Greetings!
AFAIK, CD-HIT requires sorting by length before performing the clustering step. Am I right? If yes, please read on. If not, then there is no question :)
I used CD-HIT based clustering to remove 100% identical sequences after retaining just one representative, and then proceed with a BLASTp all-by-all. This final file is large ~ 170GB.
But I just remembered I did not sort by length initially before the CD-HIT 100% nr step!
With that as context, I have a few questions:
1. A while back, I remember sorting my input by length, before the CD-HIT step per se But now, I can't seem to remember if it was a Perl script or some other executable inside CD-HIT or from elsewhere. Can someone help?
2. What happens to the validity of my results if my clustering (at 100% identity) was performed without sorting by length?
I do not mind having a few additional sequences that should not have been there for the BLASTp step, BUT it would be a problem if sequences were removed that should have been retained in the results file (used for BLASTp).
3. Does anyone have advice based on theory or practice? Thanks! (apart from repeating it afresh ha)
Happy New Year 2019! :)
AFAIK, cd-hit will sort the input itself, so no need to do it yourself prior to running cd-hit.
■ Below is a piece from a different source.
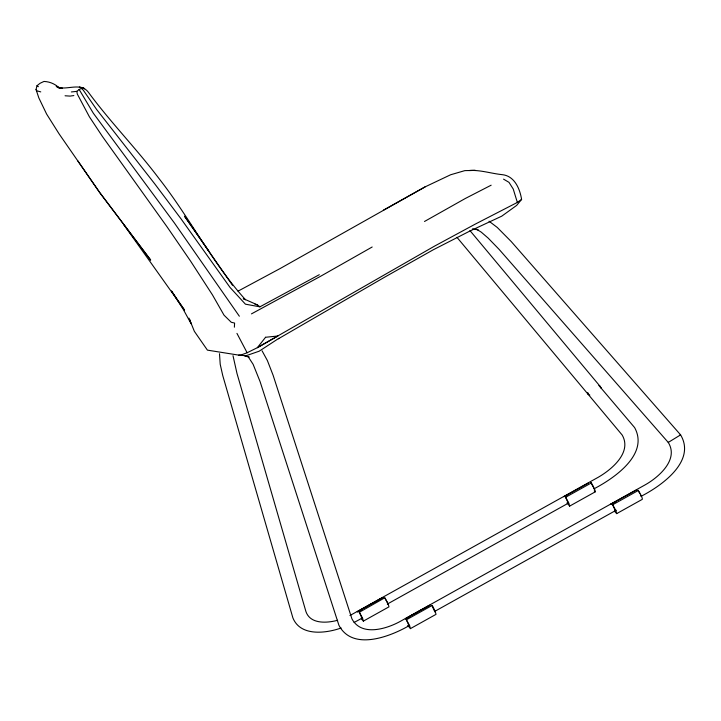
<?xml version="1.0" encoding="UTF-8"?>
<svg xmlns="http://www.w3.org/2000/svg" width="721" height="721" viewBox="0 0 721 721"><rect width="100%" height="100%" fill="white"/><g stroke="black" fill="none" stroke-linecap="round" stroke-linejoin="round"><path stroke-width="1.08" d="M234.37 327.199L234.595 323.071L231.243 322.251L224.033 315.176L212.47 294.907L190.614 261.164L167.02 226.782L102.418 136.458L89.359 116.739L77.318 94.072L76.814 91.369L79.166 89.494L81.455 88.413L83.321 90.206L96.623 109.475L154.871 184.026L180.944 218.724L230.053 287.454L245.419 304.172L259.893 306.831L319.304 274.701M219.499 353.723L220.211 364.294L222.726 375.479L292.888 617.879C300.378 636.571 325.757 633.444 341.159 627.991M77.814 160.882L99.678 192.507L150.626 260.02L99.678 192.507L59.095 133.872L46.613 114.062L38.826 97.885L36.05 89.53L37.005 85.7L40.106 83.257L43.981 81.446C49.812 81.662 55.292 84.024 59.437 88.151M468.911 170.526C480.168 169.741 491.109 173.518 502.222 174.662C514.497 175.906 519.895 188.722 521.598 199.42L516.66 205.404L501.753 216.165L469.831 231.08L433.249 249.79L384.852 277.062L278.342 338.798M361.6 619.195L363.357 621.123L362.6 618.194L359.22 612.039L362.248 618.735L361.284 617.987M407.78 625.404L410.411 628.631L409.654 625.702L406.265 619.546L409.303 626.243L408.338 625.495M410.411 628.631L436.016 614.355C434.952 609.191 428.283 598.286 434.907 611.967M567.003 502.897L569.626 506.124L568.878 503.195L565.489 497.039L568.527 503.727L567.562 502.988M569.626 506.124L595.24 491.848C595.979 489.892 586.75 475.139 593.293 487.108M614.923 511.703L616.68 513.622L615.923 510.693L612.544 504.538L615.572 511.234L614.616 510.486M616.68 513.622L642.285 499.347C643.123 497.418 634.489 484.269 639.725 493.335M668.529 442.207L668.25 442.433C679.011 459.538 658.796 477.212 645.016 484.936L400.452 621.286C387.015 628.784 361.437 636.913 351.929 618.843L273.133 375.335L267.383 360.545L262.074 350.83M189.001 318.132L194.355 331.318L207.423 350.136L238.687 355.12L241.193 354.93L247.132 352.758L257.361 347.675L434.529 246.131L475.518 223.979L517.354 202.43L521.598 199.42M278.973 338.257L259.172 351.199L245.996 355.759L238.687 355.12M470.083 170.516L475.328 170.399L464.847 170.625L450.643 174.761L425.21 186.82L280.253 268.473L238.011 291.158M372.18 246.997L320.539 276.305L251.467 313.878M424.498 221.473L465.306 198.491L491.163 185.189M425.21 186.82L383.41 210.153M588.498 483.043L563.831 496.769M359.265 612.318L384.825 597.763L388.204 603.919L388.961 606.848L363.357 621.123M565.534 497.319L591.148 483.043M361.888 618.258L354.101 622.457M387.411 604.027L568.058 503.312M594.564 488.532C614.689 477.861 649.143 454.176 634.633 427.598L598.89 385.492M405.346 618.717L430.221 605.018M636.49 490.019L610.669 504.24L615.761 501.906M405.553 618.753L429.274 605.55M406.32 619.826L431.924 605.55M612.589 504.817L638.193 490.541M409.059 625.693C389.872 636.787 352.569 651.207 338.933 625.314L260.083 381.607L253.116 364.303L248.078 356.58L249.16 357.075L244.734 356.03M434.583 611.462L616.212 510.207M641.735 495.976C661.905 485.494 696.252 461.116 680.597 434.871L511.216 241.535L497.229 227.421L489.036 221.203M679.912 435.187L680.597 434.871L668.25 442.433L499.13 249.394L488.171 238.11L481.204 232.099L476.509 229.242L478.077 229.747L472.363 229.125L473.769 229.296M349.937 615.527L598.07 477.365C611.759 469.524 632.191 452.409 622.178 435.033L456.934 237.299M564.813 496.309L566.76 495.354M357.562 611.787L361.464 609.885M405.59 618.816L409.492 616.906M337.644 620.285C326.667 623.214 310.291 624.224 305.938 611.597L236.993 373.478L233.009 355.696M76.814 91.369L71.352 91.946M73.857 95.56L70.045 96.1L65.061 95.776M259.893 306.831L257.487 304.92L243.265 298.62L245.51 299.747C212.271 262.931 189.794 217.886 159.269 178.889C136.837 149.04 110.52 122.336 88.395 92.27C81.067 82.455 68.387 89.783 58.464 87.556L62.475 88.35L58.464 87.556M254.991 304.253L257.487 304.92M40.755 91.891L36.897 90.819L36.05 89.53M79.364 86.953L84.627 88.71L83.384 87.818M60.14 87.863L56.238 86.358L58.077 87.656M588.129 394.126L589.823 395.108M503.564 179.15L508.99 182.35L513.226 189.019L517.354 202.43M595.24 491.848L594.239 490.929M37.005 85.7L38.375 86.682M387.402 604.315C388.565 603.81 385.465 599.512 384.87 598.042M588.543 394.585L587.786 392.729L587.831 393.765M599.764 385.951L600.917 387.844M600.07 386.303L469.957 230.594M123.715 224.591L184.558 310.147L171.499 291.005L183.125 309.138L191.11 323.729L189.695 319.556M208.757 250.953L184.504 216.183L232.495 285.273M239.354 316.231L174.338 222.906L93.315 113.197L79.166 89.494M236.948 333.381L247.132 352.758M640.347 494.606L641.104 496.49M600.458 386.744L600.908 387.799M593.762 488.18L594.05 488.982M81.374 87.403L81.455 88.413M265.571 337.266L257.361 347.675L277.873 336.013L265.571 337.266M382.95 597.466L357.346 611.741L382.95 597.466"/></g></svg>

Unless there are other reasons to first cluster them I would not take the effort myself and immediately proceed to running the blast. In that context I also advise you to request the tabular output (unless you are already doing so) to save quite some space for the output file.
Thank you! It explains why I could not remember the sorting step clearly, or find any utility that performs it explicitly. HNY! Cheers!
lieven.sterck : Apologies for high jacking this thread for a minute. You have been promoted to moderator on biostars. Please join the biostars slack channel as described here: Inviting NEW Biostars moderators to join Biostars slack channel
CDHIT requires no manual sorting.
Thanks for confirming. Cheers and HNY!